Heriot bowed gravely, and went on.--"That money was advanced under the
expectation and hope that it might be replaced by the contents of a
grant to your lordship, under the royal sign-manual, in payment of
certain monies due by the crown to your father.--I trust your lordship
understood the transaction at the time--I trust you now understand my
resumption of its import, and hold it to be correct?"

"Undeniably correct," answered Lord Glenvarloch. "If the sums
contained in the warrant cannot be recovered, my lands become the
property of those who paid off the original holders of the mortgage,
and now stand in their right."

"Even so, my lord," said Heriot. "And your lordship's unhappy
circumstances having, it would seem, alarmed these creditors, they are
now, I am sorry to say, pressing for one or other of these
alternatives--possession of the land, or payment of their debt."

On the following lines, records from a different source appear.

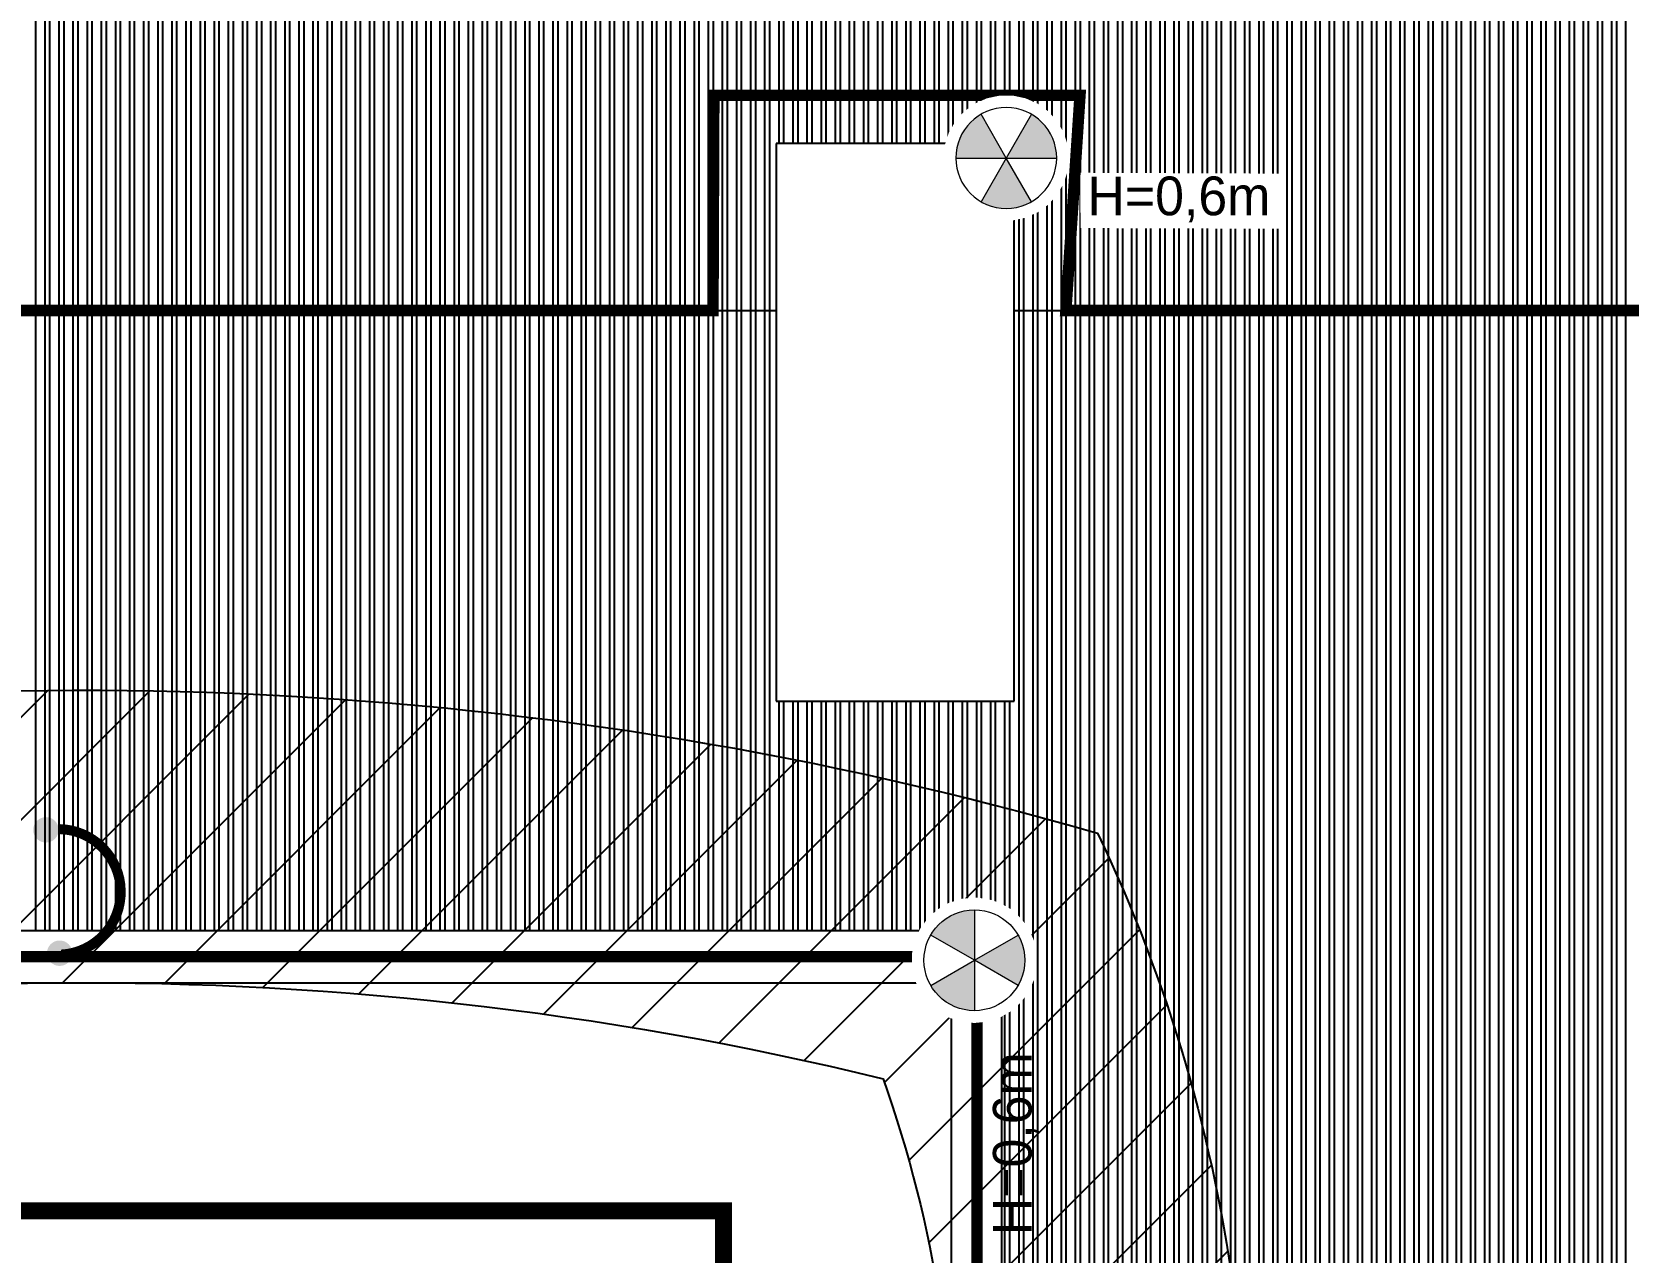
# Model space of a CAD drawing. Header units: millimetres. Extents: x -107267 to 109426, y -98906 to 83910.
# Drawn here: x -17440 to -10440, y -11751 to -6400 of the extents above; entities that cross this region are included whole.
import ezdxf
from ezdxf.enums import TextEntityAlignment as Align

# ---------------------------------------------------------------- set-up
doc = ezdxf.new("R2010")
doc.units = ezdxf.units.MM
for name, pattern in [('ACAD_ISO10W100', [18, 12, -3, 0, -3]), ('ACAD_ISO12W100', [21, 12, -3, 0, -3, 0, -3]), ('HIDDEN2', [0.1875, 0.125, -0.0625])]:
    doc.linetypes.add(name, pattern=pattern)
for name, color, linetype in [('00 - wipout', 1, 'Continuous'), ('00 - ZONA DE PROTEÇÃO', 4, 'Continuous'), ('Top (Plan) View-MISC', 7, 'Continuous')]:
    doc.layers.add(name, color=color, linetype=linetype)
for name, color, linetype, lineweight in [('000-M3G-MALHA NOVA', 5, 'ACAD_ISO10W100', 0), ('00_m3g_spda_ater_cabo50', 1, 'Continuous', 9), ('00_SPDA_captacao_novo', 5, 'Continuous', 9)]:
    doc.layers.add(name, color=color, linetype=linetype, lineweight=lineweight)

# ---------------------------------------------------------------- blocks, each defined once
blk = doc.blocks.new('M3G_P_CPTOR AEREO 600')
blk.add_attdef('ALTURA', text='', height=1.7).set_placement((0.739, -2.574), align=Align.TOP_LEFT)
at = {"color": 255, "lineweight": 0}
blk.add_wipeout([(-0.23, 2.19), (-0.68, 2.094), (-1.101, 1.907), (-1.473, 1.636), (-1.781, 1.294), (-2.012, 0.896), (-2.154, 0.458), (-2.202, 0), (-2.154, -0.458), (-2.012, -0.896), (-1.781, -1.294), (-1.473, -1.636), (-1.101, -1.907), (-0.68, -2.094), (-0.23, -2.19), (0.23, -2.19), (0.68, -2.094), (1.101, -1.907), (1.473, -1.636), (1.781, -1.294), (2.012, -0.896), (2.154, -0.458), (2.202, 0), (2.154, 0.458), (2.012, 0.896), (1.781, 1.294), (1.473, 1.636), (1.101, 1.907), (0.68, 2.094), (0.23, 2.19)], dxfattribs=at)
at = {"lineweight": 9}
h = blk.add_hatch(color=256, dxfattribs=at)
h.dxf.hatch_style = 1
h.paths.add_polyline_path([(0.884, 1.532, 0.267949), (-0.884, 1.532), (0, 0)])
h.paths.add_polyline_path([(-1.769, 0, 0.267949), (-0.884, -1.532), (0, 0)])
h.paths.add_polyline_path([(0.884, -1.532, 0.267949), (1.769, 0), (0, 0)])
for p, q in [((0, 0), (-0.884, 1.532)), ((0.884, 1.532), (0, 0)), ((-1.769, 0), (0, 0)), ((0, 0), (-0.884, -1.532)), ((0.884, -1.532), (0, 0)), ((0, 0), (1.769, 0))]:
    blk.add_line(p, q, dxfattribs=at)
blk.add_circle((0, 0), 1.769, dxfattribs=at)
blk = doc.blocks.new('*U479')
at = {"layer": 'Top (Plan) View-MISC', "color": 0, "linetype": 'ByBlock', "lineweight": -2}
for p, q in [((-13407.5, -10342.2), (-13187.5, -10342.2)), ((-13407.5, -15381.9), (-13407.5, -10342.2)), ((-13187.5, -10342.2), (-13187.5, -15381.9)), ((-13187.5, -15381.9), (-13407.5, -15381.9))]:
    blk.add_line(p, q, dxfattribs=at)
blk = doc.blocks.new('*U481')
at = {"layer": 'Top (Plan) View-MISC', "color": 0, "linetype": 'ByBlock', "lineweight": -2}
for p, q in [((-17424.3, -7621.9), (-17383.6, -7621.9)), ((-17362.4, -7621.9), (-17321.7, -7621.9)), ((-17300.5, -7621.9), (-17259.8, -7621.9)), ((-17238.6, -7621.9), (-17197.9, -7621.9)), ((-17176.7, -7621.9), (-17136, -7621.9)), ((-17114.8, -7621.9), (-17074.1, -7621.9)), ((-17052.9, -7621.9), (-17012.2, -7621.9)), ((-16991, -7621.9), (-16950.3, -7621.9)), ((-16929.1, -7621.9), (-16888.4, -7621.9)), ((-16867.2, -7621.9), (-16826.5, -7621.9)), ((-16805.3, -7621.9), (-16764.6, -7621.9)), ((-16743.4, -7621.9), (-16702.7, -7621.9)), ((-16681.5, -7621.9), (-16640.8, -7621.9)), ((-16619.6, -7621.9), (-16578.9, -7621.9)), ((-16557.7, -7621.9), (-16517, -7621.9)), ((-16495.8, -7621.9), (-16455.1, -7621.9)), ((-16433.9, -7621.9), (-16393.2, -7621.9)), ((-16372, -7621.9), (-16331.3, -7621.9)), ((-16310.1, -7621.9), (-16269.4, -7621.9)), ((-16248.2, -7621.9), (-16207.5, -7621.9)), ((-16186.3, -7621.9), (-16145.7, -7621.9)), ((-16124.4, -7621.9), (-16083.8, -7621.9)), ((-16062.5, -7621.9), (-16021.9, -7621.9)), ((-16000.6, -7621.9), (-15960, -7621.9)), ((-15938.7, -7621.9), (-15898.1, -7621.9)), ((-15876.8, -7621.9), (-15836.2, -7621.9)), ((-15814.9, -7621.9), (-15774.3, -7621.9)), ((-15753, -7621.9), (-15712.4, -7621.9)), ((-15691.2, -7621.9), (-15650.5, -7621.9)), ((-15629.3, -7621.9), (-15588.6, -7621.9)), ((-15567.4, -7621.9), (-15526.7, -7621.9)), ((-15505.5, -7621.9), (-15464.8, -7621.9)), ((-15443.6, -7621.9), (-15402.9, -7621.9)), ((-15381.7, -7621.9), (-15341, -7621.9)), ((-15319.8, -7621.9), (-15279.1, -7621.9)), ((-15257.9, -7621.9), (-15217.2, -7621.9)), ((-15196, -7621.9), (-15155.3, -7621.9)), ((-15134.1, -7621.9), (-15093.4, -7621.9)), ((-15072.2, -7621.9), (-15031.5, -7621.9)), ((-15010.3, -7621.9), (-14969.6, -7621.9)), ((-14948.4, -7621.9), (-14907.7, -7621.9)), ((-14886.5, -7621.9), (-14845.8, -7621.9)), ((-14824.6, -7621.9), (-14783.9, -7621.9)), ((-14762.7, -7621.9), (-14722, -7621.9)), ((-14700.8, -7621.9), (-14660.1, -7621.9)), ((-14638.9, -7621.9), (-14598.2, -7621.9)), ((-14577, -7621.9), (-14536.3, -7621.9)), ((-14515.1, -7621.9), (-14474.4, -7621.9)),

"They have a right to one or other," answered Lord Glenvarloch; "and
as I cannot do the last in my present condition, I suppose they must
enter on possession."

"Stay, my lord," replied Heriot; "if you have ceased to call me a
friend to your person, at least you shall see I am willing to be such
to your father's house, were it but for the sake of your father's
memory. If you will trust me with the warrant under the sign-manual, I
believe circumstances do now so stand at Court, that I may be able to
recover the money for you."

"I would do so gladly," said Lord Glenvarloch, "but the casket which
contains it is not in my possession. It was seized when I was arrested
at Greenwich."

"It will be no longer withheld from you," said Heriot; "for, I
understand, my Master's natural good sense, and some information which
he has procured, I know not how, has induced him to contradict the
whole charge of the attempt on his person. It is entirely hushed up;
and you will only be proceeded against for your violence on Lord
Dalgarno, committed within the verge of the Palace--and that you will
find heavy enough to answer."

"I will not shrink under the weight," said Lord Glenvarloch. "But that
is not the present point.--If I had that casket--"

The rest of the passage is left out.